- Date: July 15, 2000
- Presenters: Maite Delgado;
- Entertainment: Proyecto M; Rummy Olivo; Reynaldo Armas; Tamara; Julio Iglesias;
- Venue: Venevisión Studios, Caracas, Venezuela
- Broadcaster: International: Univisión; Venevisión Continental; DirecTV; Official broadcaster: Venevisión;
- Entrants: 36
- Placements: 1
- Winner: Vanessa Cárdenas Zulia

= Miss World Venezuela 2000 =

1st Miss World Venezuela pageant

Miss World Venezuela 2000 was the 1st Miss World Venezuela pageant.
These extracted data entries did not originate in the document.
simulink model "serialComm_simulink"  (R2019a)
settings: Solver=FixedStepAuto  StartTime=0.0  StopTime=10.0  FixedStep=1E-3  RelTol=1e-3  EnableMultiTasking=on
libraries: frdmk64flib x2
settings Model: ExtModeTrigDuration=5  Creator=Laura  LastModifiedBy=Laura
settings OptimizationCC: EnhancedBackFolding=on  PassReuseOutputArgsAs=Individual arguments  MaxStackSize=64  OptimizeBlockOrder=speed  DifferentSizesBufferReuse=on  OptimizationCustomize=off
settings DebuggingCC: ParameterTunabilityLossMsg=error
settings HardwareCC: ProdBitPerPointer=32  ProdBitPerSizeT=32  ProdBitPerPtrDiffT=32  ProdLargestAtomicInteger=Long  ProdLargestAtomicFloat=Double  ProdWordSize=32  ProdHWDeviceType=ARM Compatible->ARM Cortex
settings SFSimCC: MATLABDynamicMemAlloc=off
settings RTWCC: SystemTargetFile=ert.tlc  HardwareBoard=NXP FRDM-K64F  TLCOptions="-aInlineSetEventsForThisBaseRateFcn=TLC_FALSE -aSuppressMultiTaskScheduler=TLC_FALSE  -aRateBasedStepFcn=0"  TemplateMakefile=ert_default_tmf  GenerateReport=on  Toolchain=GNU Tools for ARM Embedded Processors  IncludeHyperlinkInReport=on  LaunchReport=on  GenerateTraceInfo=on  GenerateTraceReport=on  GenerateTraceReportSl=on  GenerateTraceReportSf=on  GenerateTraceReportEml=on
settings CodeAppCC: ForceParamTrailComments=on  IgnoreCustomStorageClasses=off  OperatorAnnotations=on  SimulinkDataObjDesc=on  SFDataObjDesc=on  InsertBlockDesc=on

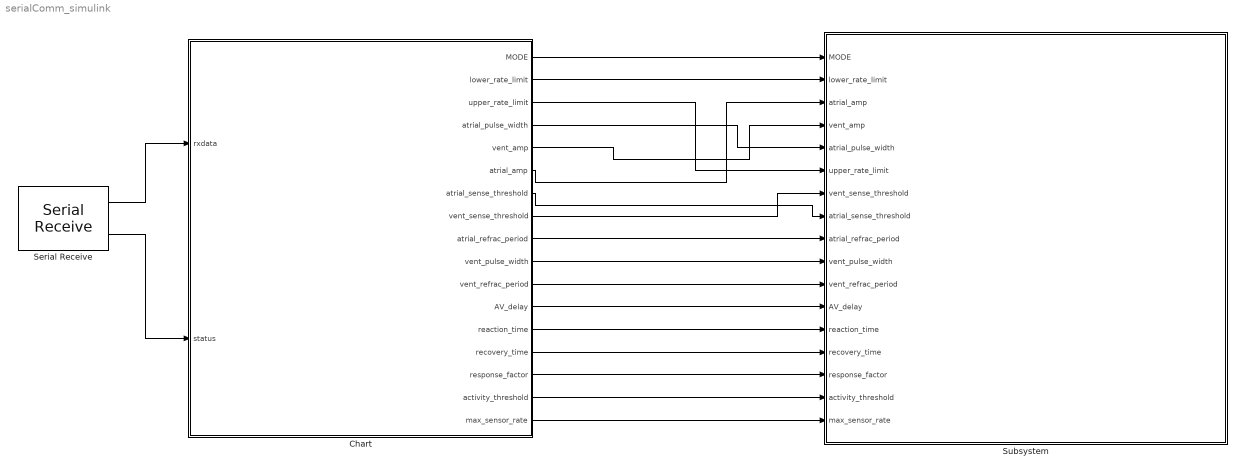
== system serialComm_simulink ==
  Chart : Stateflow chart  BlockKeywords=__PRM__SERIALIZED__DATA__:Stateflow Chart,Stateflow Diagram  TreatAsAtomicUnit=on
  Serial Receive : frdmk64flib/Serial Receive  SCIModule=0  Baudrate=uint32(9600)  Parity=None  StopBits=1  HardwareFlowControl=None  ByteOrder=LittleEndian  DataType=uint8  DataLength=55  BlockingMode=off  OutputStatus=on  SampleTime=-1
      settings: SourceProductName=Simulink Coder Support Package for NXP FRDM-K64F Board
  Subsystem : Subsystem
  wires:
  Serial Receive/1 -> Chart/1(rxdata)
  Serial Receive/2 -> Chart/2(status)
  Chart/2(lower_rate_limit) -> Subsystem/2(lower_rate_limit)
  Chart/6(atrial_amp) -> Subsystem/3(atrial_amp)
  Chart/5(vent_amp) -> Subsystem/4(vent_amp)
  Chart/4(atrial_pulse_width) -> Subsystem/5(atrial_pulse_width)
  Chart/3(upper_rate_limit) -> Subsystem/6(upper_rate_limit)
  Chart/7(atrial_sense_threshold) -> Subsystem/8(atrial_sense_threshold)
  Chart/8(vent_sense_threshold) -> Subsystem/7(vent_sense_threshold)
  Chart/9(atrial_refrac_period) -> Subsystem/9(atrial_refrac_period)
  Chart/10(vent_pulse_width) -> Subsystem/10(vent_pulse_width)
  Chart/11(vent_refrac_period) -> Subsystem/11(vent_refrac_period)
  Chart/12(AV_delay) -> Subsystem/12(AV_delay)
  Chart/13(reaction_time) -> Subsystem/13(reaction_time)
  Chart/14(recovery_time) -> Subsystem/14(recovery_time)
  Chart/15(response_factor) -> Subsystem/15(response_factor)
  Chart/16(activity_threshold) -> Subsystem/16(activity_threshold)
  Chart/17(max_sensor_rate) -> Subsystem/17(max_sensor_rate)
  Chart/1(MODE) -> Subsystem/1(MODE)

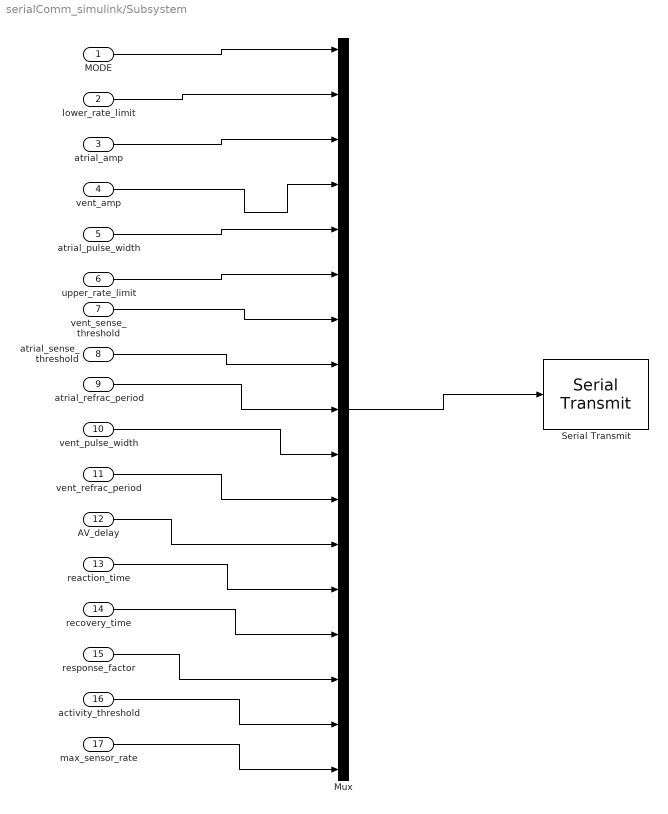
== system serialComm_simulink/Subsystem ==
  MODE : Inport
  lower_rate_limit : Inport  Port=2
  atrial_amp : Inport  Port=3
  vent_amp : Inport  Port=4
  atrial_pulse_width : Inport  Port=5
  upper_rate_limit : Inport  Port=6
  vent_sense_threshold : Inport  Port=7
  atrial_sense_threshold : Inport  Port=8
  atrial_refrac_period : Inport  Port=9
  vent_pulse_width : Inport  Port=10
  vent_refrac_period : Inport  Port=11
  AV_delay : Inport  Port=12
  reaction_time : Inport  Port=13
  recovery_time : Inport  Port=14
  response_factor : Inport  Port=15
  activity_threshold : Inport  Port=16
  max_sensor_rate : Inport  Port=17
  Mux : Mux  Inputs=17
  Serial Transmit : frdmk64flib/Serial Transmit  SCIModule=0  Baudrate=uint32(9600)  Parity=None  StopBits=1  HardwareFlowControl=None  ByteOrder=LittleEndian  BlockingMode=on  OutputStatus=off
      settings: SourceProductName=Simulink Coder Support Package for NXP FRDM-K64F Board
  wires:
  Mux/1 -> Serial Transmit/1
  MODE/1 -> Mux/1
  lower_rate_limit/1 -> Mux/2
  atrial_amp/1 -> Mux/3
  vent_amp/1 -> Mux/4
  atrial_pulse_width/1 -> Mux/5
  upper_rate_limit/1 -> Mux/6
  vent_sense_threshold/1 -> Mux/7
  atrial_sense_threshold/1 -> Mux/8
  atrial_refrac_period/1 -> Mux/9
  vent_pulse_width/1 -> Mux/10
  vent_refrac_period/1 -> Mux/11
  AV_delay/1 -> Mux/12
  reaction_time/1 -> Mux/13
  recovery_time/1 -> Mux/14
  response_factor/1 -> Mux/15
  activity_threshold/1 -> Mux/16
  max_sensor_rate/1 -> Mux/17

== stateflow chart serialComm_simulink/Chart ==
  state SET_PARAMS
    %we assume this is the order that the data is sent in
    entry:
    MODE = rxdata(1)
    lower_rate_limit = typecast(rxdata(2:3), 'uint16')
    upper_rate_limit = typecast(rxdata(4:5), 'uint16')
    atrial_amp = typecast(rxdata(6:13), 'double')
    vent_amp = typecast(rxdata(14:21), 'double')
    atrial_pulse_width = typecast(rxdata(22:23), 'uint16')
    vent_pulse_width = typecast(rxdata(24:25), 'uint16')
    atrial_sense_threshold = typecast(rxdata(26:33), 'double')
    vent_sense_threshold = typecast(rxdata(34:41), 'double')
    atrial_refrac_period = typecast(rxdata(42:43), 'uint16')
    vent_refrac_period = typecast(rxdata(44:45), 'uint16')
    AV_delay = typecast(rxdata(46:47), 'uint16')
    reaction_time = typecast(rxdata(48:49), 'uint16')
    recovery_time = typecast(rxdatta(50:51), 'uint16')
    response_factor = rxdata(52)
    activity_threshold = rxdata(53)
    max_sensor_rate = typecast(rxdata(54:55), 'uint16')
  state INITIAL
    entry:
    MODE = 0
    lower_rate_limit = 60
    upper_rate_limit = 150
    atrial_amp = 3.3
    vent_amp = 3.3
    atrial_pulse_width = 10
    vent_pulse_width = 10
    atrial_sense_threshold = 2.75
    vent_sense_threshold = 2.75
    atrial_refrac_period = 100
    vent_refrac_period = 100
    AV_delay = 1
    reaction_time = 0 %unknown
    recovery_time = 0 %unknown
    response_factor = 0 %unknown
    activity_threshold = 0 %unknown
    max_sensor_rate = 0 %unknown
  state STANDBY
    %Waiting for COM
  state SEND_PARAMS
    entry:
  (default) -> INITIAL
  (junction 8) -> STANDBY [order 2] : [status == 0]
  STANDBY -> (junction 8)
  (junction 8) -> SET_PARAMS [order 1] : [status == 1]
  INITIAL -> STANDBY
  data: rxdata input; status input; MODE output; lower_rate_limit output; upper_rate_limit output; atrial_pulse_width output; vent_amp output; atrial_amp output; atrial_sense_threshold output; vent_sense_threshold output; atrial_refrac_period output; vent_pulse_width output; vent_refrac_period output; AV_delay output; reaction_time output; recovery_time output; response_factor output; activity_threshold output; max_sensor_rate output

It was held at the Venevisión Studios in Caracas, Venezuela on July 15, 2000.

At the end of the event, Martina Thorogood of Miranda crowned Vanessa Cárdenas of Zulia as Miss World Venezuela 2000. She represented Venezuela at the Miss World 2000 pageant.

==Background==

In 1996, the Miss Venezuela Organization founded the Mister Venezuela competition, as an initial request of the Miss World Organization.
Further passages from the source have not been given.